* What this task involves: State how many lines of the records include the word "OutputSignals"; the reply is that number alone.

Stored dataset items
★ ★ ★ ★

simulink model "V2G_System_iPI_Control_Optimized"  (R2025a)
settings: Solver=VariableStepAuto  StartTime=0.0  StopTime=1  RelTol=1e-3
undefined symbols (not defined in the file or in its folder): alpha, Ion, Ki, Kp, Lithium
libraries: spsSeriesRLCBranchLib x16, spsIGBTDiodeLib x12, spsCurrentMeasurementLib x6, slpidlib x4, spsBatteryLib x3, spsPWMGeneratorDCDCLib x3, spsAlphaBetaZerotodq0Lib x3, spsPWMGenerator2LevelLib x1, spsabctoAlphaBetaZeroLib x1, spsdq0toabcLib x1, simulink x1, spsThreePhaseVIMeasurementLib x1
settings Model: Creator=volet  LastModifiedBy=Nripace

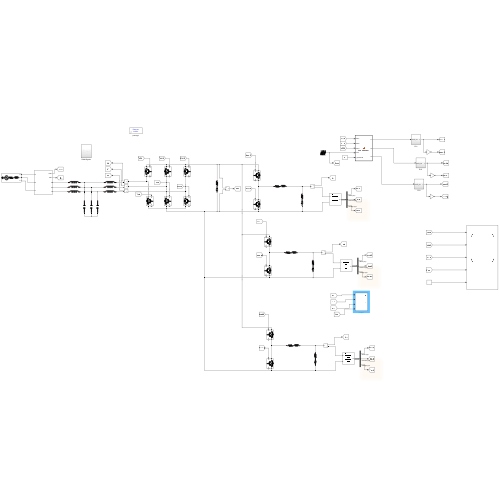
[thumbnail: Simulink's stored preview of the top-level diagram]
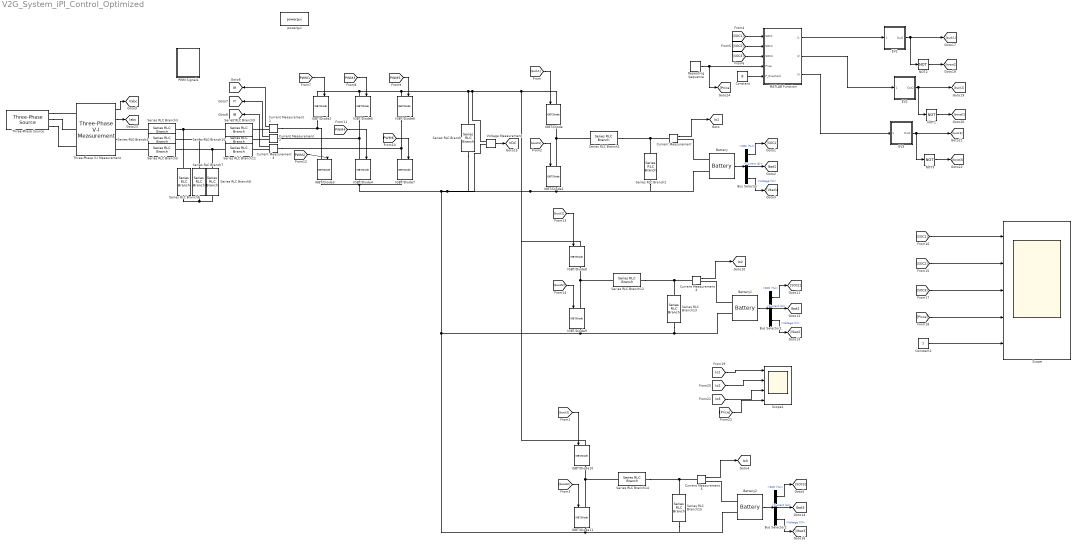
== system V2G_System_iPI_Control_Optimized ==
  Battery : spsBatteryLib/Battery  BatType=Lithium-Ion  NomV=360  NomQ=300  SOC=35  Batt_Tr=1  PresetModel=on  MaxQ=300  MinV=270  FullV=419.0354  Dis_rate=130.4348  R=0.012  Normal_OP=271.3043  expZone="[388.9389      14.73913]"
  Battery1 : spsBatteryLib/Battery  BatType=Lithium-Ion  NomV=360  NomQ=300  SOC=50  Batt_Tr=1  PresetModel=on  MaxQ=300  MinV=270  FullV=419.0354  Dis_rate=130.4348  R=0.012  Normal_OP=271.3043  expZone="[388.9389      14.73913]"
  Battery2 : spsBatteryLib/Battery  BatType=Lithium-Ion  NomV=360  NomQ=300  SOC=75  Batt_Tr=1  PresetModel=on  MaxQ=300  MinV=270  FullV=419.0354  Dis_rate=130.4348  R=0.012  Normal_OP=271.3043  expZone="[388.9389      14.73913]"
  Bus Selector : BusSelector  OutputSignals=SOC (%),Current (A),Voltage (V)
  Bus Selector1 : BusSelector  OutputSignals=SOC (%),Current (A),Voltage (V)
  Bus Selector2 : BusSelector  OutputSignals=SOC (%),Current (A),Voltage (V)
  Constant : Constant  Value=8
  Constant1 : Constant  Value=7
  Current Measurement{,1..5} (6 alike) : spsCurrentMeasurementLib/Current Measurement  PhasorSimulation=off  OutputType=Complex  PSBequivalent=0
  EV1 : Subsystem
  EV2 : Subsystem
  EV3 : Subsystem
  IGBT/Diode{,1..11} (12 alike) : spsIGBTDiodeLib/IGBT//Diode  Ron=1e-3  Rs=1e5  Cs=inf  Measurements=on
  MATLAB Function : MATLAB Function  TreatAsAtomicUnit=on
  NOT1 : Logic  Operator=NOT  IconShape=distinctive  AllPortsSameDT=off  OutDataTypeStr=boolean
  NOT2 : Logic  Operator=NOT  IconShape=distinctive  AllPortsSameDT=off  OutDataTypeStr=boolean
  NOT3 : Logic  Operator=NOT  IconShape=distinctive  AllPortsSameDT=off  OutDataTypeStr=boolean
  PWM Signals : Subsystem
  Repeating Sequence : simulink/Sources/Repeating Sequence  rep_seq_t=[0 0.1 0.2 0.3 0.4 0.5 0.6 0.7 0.8 0.9 1]  rep_seq_y=[6 3.5 8 4.3 6.7 9 8.4 8.8 11 10 9]
  Scope : Scope  NumInputPorts=5
      settings: ActiveDisplayYMinimum=17.794745633890674  ActiveDisplayYMaximum=17.796976065870169
  Scope1 : Scope  NumInputPorts=4
      settings: ActiveDisplayYMinimum=-282.20581600394803  ActiveDisplayYMaximum=129.45342106737178
  Series RLC Branch : spsSeriesRLCBranchLib/Series RLC Branch  LConnTagsString=__new0  RConnTagsString=__new0  BranchType=RC  Resistance=1e-3  Inductance=1e-3  SetiL0=off  InitialCurrent=0  Capacitance=5600e-6  Setx0=on  InitialVoltage=800  Measurements=None
  Series RLC Branch1 : spsSeriesRLCBranchLib/Series RLC Branch  LConnTagsString=__new0  RConnTagsString=__new0  BranchType=RL  Resistance=1e-4  Inductance=20e-3  SetiL0=off  InitialCurrent=0  Capacitance=1000e-6  Setx0=off  InitialVoltage=0  Measurements=None
  Series RLC Branch{3..5,9..11} (6 alike) : spsSeriesRLCBranchLib/Series RLC Branch  LConnTagsString=__new0  RConnTagsString=__new0  BranchType=L  Resistance=1  Inductance=5e-3  SetiL0=off  InitialCurrent=0  Capacitance=1e-6  Setx0=off  InitialVoltage=0  Measurements=None
  Series RLC Branch12 : spsSeriesRLCBranchLib/Series RLC Branch  LConnTagsString=__new0  RConnTagsString=__new0  BranchType=RL  Resistance=1e-4  Inductance=20e-3  SetiL0=off  InitialCurrent=0  Capacitance=1000e-6  Setx0=off  InitialVoltage=0  Measurements=None
  Series RLC Branch13 : spsSeriesRLCBranchLib/Series RLC Branch  LConnTagsString=__new0  RConnTagsString=__new0  BranchType=RC  Resistance=1e-4  Inductance=1e-3  SetiL0=off  InitialCurrent=0  Capacitance=0.625e-6  Setx0=off  InitialVoltage=0  Measurements=None
  Series RLC Branch14 : spsSeriesRLCBranchLib/Series RLC Branch  LConnTagsString=__new0  RConnTagsString=__new0  BranchType=RL  Resistance=1e-4  Inductance=20e-3  SetiL0=off  InitialCurrent=0  Capacitance=1000e-6  Setx0=off  InitialVoltage=0  Measurements=None
  Series RLC Branch15 : spsSeriesRLCBranchLib/Series RLC Branch  LConnTagsString=__new0  RConnTagsString=__new0  BranchType=RC  Resistance=1e-4  Inductance=1e-3  SetiL0=off  InitialCurrent=0  Capacitance=0.625e-6  Setx0=off  InitialVoltage=0  Measurements=None
  Series RLC Branch2 : spsSeriesRLCBranchLib/Series RLC Branch  LConnTagsString=__new0  RConnTagsString=__new0  BranchType=RC  Resistance=1e-4  Inductance=1e-3  SetiL0=off  InitialCurrent=0  Capacitance=0.625e-6  Setx0=off  InitialVoltage=0  Measurements=None
  Series RLC Branch6 : spsSeriesRLCBranchLib/Series RLC Branch  LConnTagsString=__new0  RConnTagsString=__new0  BranchType=C  Resistance=1  Inductance=5e-3  SetiL0=off  InitialCurrent=0  Capacitance=30e-6  Setx0=off  InitialVoltage=0  Measurements=None
  Series RLC Branch7 : spsSeriesRLCBranchLib/Series RLC Branch  LConnTagsString=__new0  RConnTagsString=__new0  BranchType=C  Resistance=1  Inductance=5e-3  SetiL0=off  InitialCurrent=0  Capacitance=30e-6  Setx0=off  InitialVoltage=0  Measurements=None
  Series RLC Branch8 : spsSeriesRLCBranchLib/Series RLC Branch  LConnTagsString=__new0  RConnTagsString=__new0  BranchType=C  Resistance=1  Inductance=5e-3  SetiL0=off  InitialCurrent=0  Capacitance=30e-6  Setx0=off  InitialVoltage=0  Measurements=None
  Three-Phase V-I Measurement : spsThreePhaseVIMeasurementLib/Three-Phase V-I Measurement  VoltageMeasurement=phase-to-ground  SetLabelV=off  LabelV=Vabc  Vpu=off  VpuLL=off  CurrentMeasurement=yes  SetLabelI=off  LabelI=Iabc  Ipu=off  Pbase=100e6  Vbase=500e3  OutputType=Complex  PhasorSimulation=off  PSBequivalent=0
  Three-Phase Source : spsThreePhaseSourceLib/Three-Phase Source  InternalConnection=Yg  VoltagePhases=off  Voltage=415  PhaseAngle=0  Voltage_phases=[25e3 25e3 25e3]/sqrt(3)  PhaseAngles_phases=[0 -120 +120]  Frequency=50  NonIdealSource=on  SpecifyImpedance=off  Resistance=0.8929e-3  Inductance=16.58e-9  ShortCircuitLevel=100e6  BaseVoltage=415  XRratio=7  BusType=swing  Pref=10e3  Qref=0  Prefabc=[10e3, 10e3, 10e3]  Qrefabc=[0, 0, 0]  Qmin=-inf  Qmax=inf
  Voltage Measurement : spsVoltageMeasurementLib/Voltage Measurement  PhasorSimulation=off  OutputType=Complex  PSBequivalent=0
  powergui : sps_lib/powergui  Priority=1  SimulationMode=Discrete  SampleTime=1e-6  frequency=60  Iterations=50  frequencyindice=0  Pbase=100e6  ErrMax=1e-4  UnitsV=kV  UnitsW=MW  buscounter=0  FunctionMessages=off  echomessages=off  EnableUseOfTLC=off  CurrentSourceSwitches=off  DisableSnubberDevices=off  DisableRonSwitches=off  DisableVfSwitches=off  DisplayEquations=off  AutomaticDiscreteSolvers=off  SolverType=Tustin/Backward Euler (TBE)  Interpol=off  ExternalGateDelay=off  methode=off  Ts=100  x0status=blocks  SPID=on  SwTol=0  HookPort=off  NonlinearTolerance=1e-4  nMaxIteration=100  ContinueOnMaxIteration=off  RestoreLinks=warning  ResistiveCurrentMeasurement=off  Frange=[0:2:500]  Ylog=off  Xlog=on  ShowGrid=off  save=off  variable=ZData  structure=0  ZoomFFT=off  StartTime=0.0  cycles=1  DisplayStyle=1  fundamental=60  FreqAxis=off  MaxFrequency=1000  frequencyindicesteady=1  RmsSteady=1  display=off
  tag scope: IB=global, IR=global, IY=global, Iabc=global, Ibat1=global, Ibat2=global, Ibat3=global, Io1=global, Io2=global, Io3=global, VDC=global, Vabc=global
  wires:
  [boost3] -> IGBT/Diode11/1
  [Io3] -> Scope1/3
  Voltage Measurement/1 -> [VDC]
  [PWM3] -> IGBT/Diode5/1
  Bus Selector2/1 -> [SOC3]  "<SOC (%)>"
  Bus Selector2/3 -> [Vbat3]  "<Voltage (V)>"
  [PWM5] -> IGBT/Diode6/1
  [PWM4] -> IGBT/Diode4/1
  [SOC3] -> Scope/3
  MATLAB Function/3(I3) -> EV3/1(Price_ref)
  Three-Phase V-I Measurement/1 -> [Vabc]
  Bus Selector2/2 -> [Ibat3]  "<Current (A)>"
  Current Measurement1/1 -> [IR]
  [Io1] -> Scope1/1
  Bus Selector1/3 -> [Vbat2]  "<Voltage (V)>"
  [SOC3] -> MATLAB Function/3(SOC3)
  Current Measurement4/1 -> [Io2]
  Bus Selector/3 -> [Vbat1]  "<Voltage (V)>"
  EV1/1(Out2) -> [buck1], NOT2/1
  [boost2] -> IGBT/Diode9/1
  MATLAB Function/2(I2) -> EV2/1(Price_ref)
  NOT1/1 -> [boost2]
  [SOC2] -> Scope/2
  [boost1] -> IGBT/Diode1/1
  EV3/1(Out2) -> [buck3], NOT3/1
  Bus Selector/2 -> [Ibat1]  "<Current (A)>"
  [PWM6] -> IGBT/Diode7/1
  Repeating Sequence/1 -> MATLAB Function/4(Price), [Price]
  Three-Phase V-I Measurement/2 -> [Iabc]
  [SOC1] -> MATLAB Function/1(SOC1)
  Constant/1 -> MATLAB Function/5(P_threshold)
  NOT3/1 -> [boost3]
  Bus Selector/1 -> [SOC1]  "<SOC (%)>"
  NOT2/1 -> [boost1]
  [buck2] -> IGBT/Diode8/1
  [Price] -> Scope/4
  Bus Selector1/1 -> [SOC2]  "<SOC (%)>"
  [SOC1] -> Scope/1
  Current Measurement3/1 -> [IB]
  [buck3] -> IGBT/Diode10/1
  MATLAB Function/1(I1) -> EV1/1(Price_ref)
  Current Measurement2/1 -> [IY]
  Battery2/1 -> Bus Selector2/1
  Current Measurement/1 -> [Io1]
  [PWM2] -> IGBT/Diode3/1
  Battery/1 -> Bus Selector/1
  Current Measurement5/1 -> [Io3]
  [Io2] -> Scope1/2
  Bus Selector1/2 -> [Ibat2]  "<Current (A)>"
  [SOC2] -> MATLAB Function/2(SOC2)
  [PWM1] -> IGBT/Diode2/1
  EV2/1(Out2) -> [buck2], NOT1/1
  Battery1/1 -> Bus Selector1/1
  [buck1] -> IGBT/Diode/1
  Constant1/1 -> Scope/5
  [Price] -> Scope1/4
  connections:
  Series RLC Branch14/RConn1 -- Current Measurement5/LConn1 -- Series RLC Branch15/LConn1
  Series RLC Branch13/RConn1 -- Battery1/LConn2 -- IGBT/Diode9/RConn1 -- IGBT/Diode11/RConn1 -- Battery2/LConn2 -- Series RLC Branch15/RConn1 -- IGBT/Diode3/RConn1 -- IGBT/Diode4/RConn1 -- IGBT/Diode7/RConn1 -- Series RLC Branch/RConn1 -- Voltage Measurement/LConn2 -- Battery/LConn2 -- Series RLC Branch2/RConn1 -- IGBT/Diode1/RConn1
  IGBT/Diode5/LConn1 -- IGBT/Diode10/LConn1 -- IGBT/Diode8/LConn1 -- IGBT/Diode/LConn1 -- Voltage Measurement/LConn1 -- Series RLC Branch/LConn1 -- IGBT/Diode6/LConn1 -- IGBT/Diode2/LConn1
  IGBT/Diode9/LConn1 -- Series RLC Branch12/LConn1 -- IGBT/Diode8/RConn1
  IGBT/Diode11/LConn1 -- Series RLC Branch14/LConn1 -- IGBT/Diode10/RConn1
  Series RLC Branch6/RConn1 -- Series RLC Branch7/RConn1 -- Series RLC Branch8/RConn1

★ ★ ★ ★

* Result of this task: 3